When the EU's General Data Protection Regulation (GDPR) became enforceable, companies scrambled to comply. However, a new study from Cisco indicates that just 59% of organisations meet all or most of the requirements.
Lowest risk of data breach
Cisco's 2019 Data Privacy Benchmark Study also revealed that 29% of enterprises expect to comply with GDPR within a year. A further 9% said that it would take over a year to meet the majority of the requirements.
Despite this lack of compliance, Cisco also found that GDPR-ready enterprises benefit from the lowest risk of data breach. While the majority of companies reported a data breach last year, this impacted a lower percentage of the GDPR-compliant firms.
Overall, data breaches impacted 74% of compliant enterprises. In comparison, these breaches affected 80% of the organisations less than a year away from GDPR readiness and 89% of those farthest away.
Unfortunately, customer data privacy concerns continue to delay sales for most non-compliant organisations. In fact, 87% reported delays in selling to existing customers or prospects, which is up significantly from 2018.
GDPR-ready companies have lower overall costs
Once a breach occurred, GDPR-compliant firms experienced a significantly smaller impact. The average number of records impacted totalled 79,000, while non-compliant enterprises saw 212,000 records breached on average.
As a result, GDPR-ready companies also experienced shorter system downtimes associated with breaches. These enterprises had an average system downtime of 6.4 hours, versus 9.4 hours for organisations least ready for GDPR.
With fewer records impacted and shorter downtimes, it is no surprise that GDPR-compliant firms had lower overall costs associated with data breaches. Overall, just 37% of these companies saw losses from data breaches totalling at least $500,000.

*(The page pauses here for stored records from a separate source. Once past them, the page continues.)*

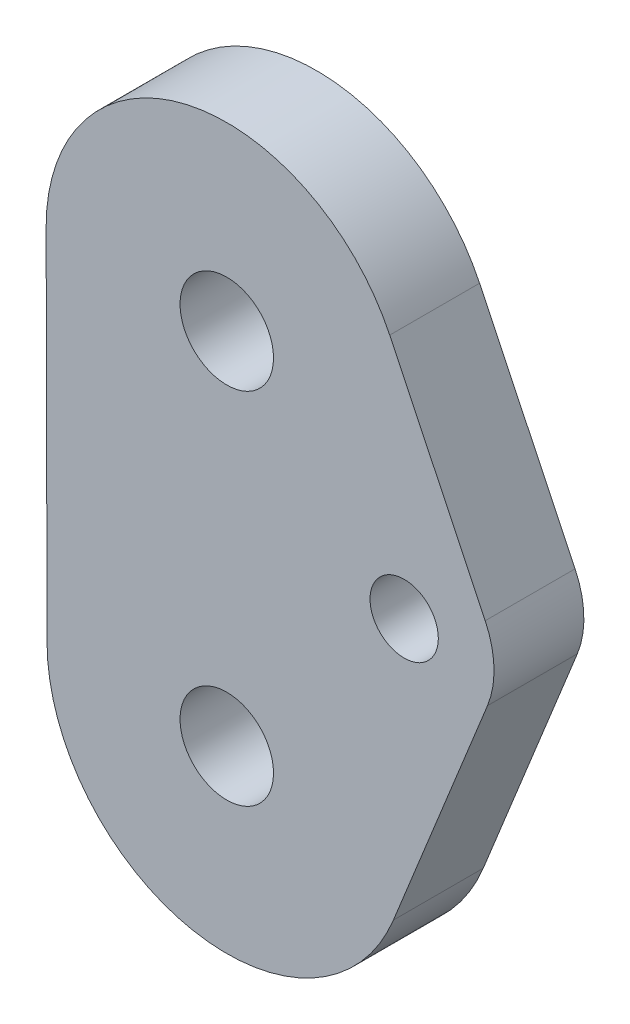
SolidWorks part; units mm, degrees
material "6061-T6 (SS)"
ref_plane "Front Plane" through (0, 0, 0) normal (0, 0, 1) x (1, 0, 0)
ref_plane "Top Plane" through (0, 0, 0) normal (0, 1, 0) x (1, 0, 0)
ref_plane "Right Plane" through (0, 0, 0) normal (1, 0, 0) x (0, 0, -1)
sketch "Sketch1" plane through (0, 0, 0) normal (0, 0, 1) x (1, 0, 0)
  line L3 (62.8729, -55.8232) -> (56.2242, -72.2689)
  line L4 (31.75, -67.5413) -> (31.685, -42.1414)
  line L5 (55.9645, -36.5985) -> (62.7138, -50.702)
  circle A6 centre (56.9859, -53.4431) radius 2.413
  arc A7 (62.8729, -55.8232) -> (62.7138, -50.702) centre (56.9859, -53.4431) ccw
  arc A8 (31.75, -67.5413) -> (56.2242, -72.2689) centre (44.45, -67.5087) ccw
  circle A9 centre (44.45, -67.5087) radius 3.302
  circle A10 centre (44.45, -42.1087) radius 3.302
  arc A11 (55.9645, -36.5985) -> (31.685, -42.1414) centre (44.45, -42.1087) ccw
extrude "Boss-Extrude1" add sketch "Sketch1" along normal blind 6.35
equation "\"Thick\"= \"in\""

In contrast, 64% of the least prepared companies suffered from losses reaching at least $500,000. According to the report, enterprises are now recognising the benefits of implementing privacy investment.
The benefits of privacy investment
As previously mentioned, there is a strong correlation between privacy investments and business benefits. As a result, Cisco found that more respondents are now recognising many of these advantages.
Cisco asked respondents whether privacy investment was creating benefits such as greater agility, innovation, competitive advantage, and achieving operational efficiency. In total, 75% of all respondents identified two or more of these benefits and 97% identified at least one.
Despite its obvious benefits, it emerged last year that tech giants were still not GDPR-compliant following the implementation of the legalisation. Consumer group BEUC uncovered that the policies of Apple, Google, Facebook, and Amazon were vague and unclear.
Moreover, Europe's Data Protection Board also received a formal complaint regarding its compliance with GDPR. Just five days after the regulation came into effect, Alexander Hanff, consultant at Singularity University faculty for Data Ethics, voiced his frustrations with the contradictory body in an email.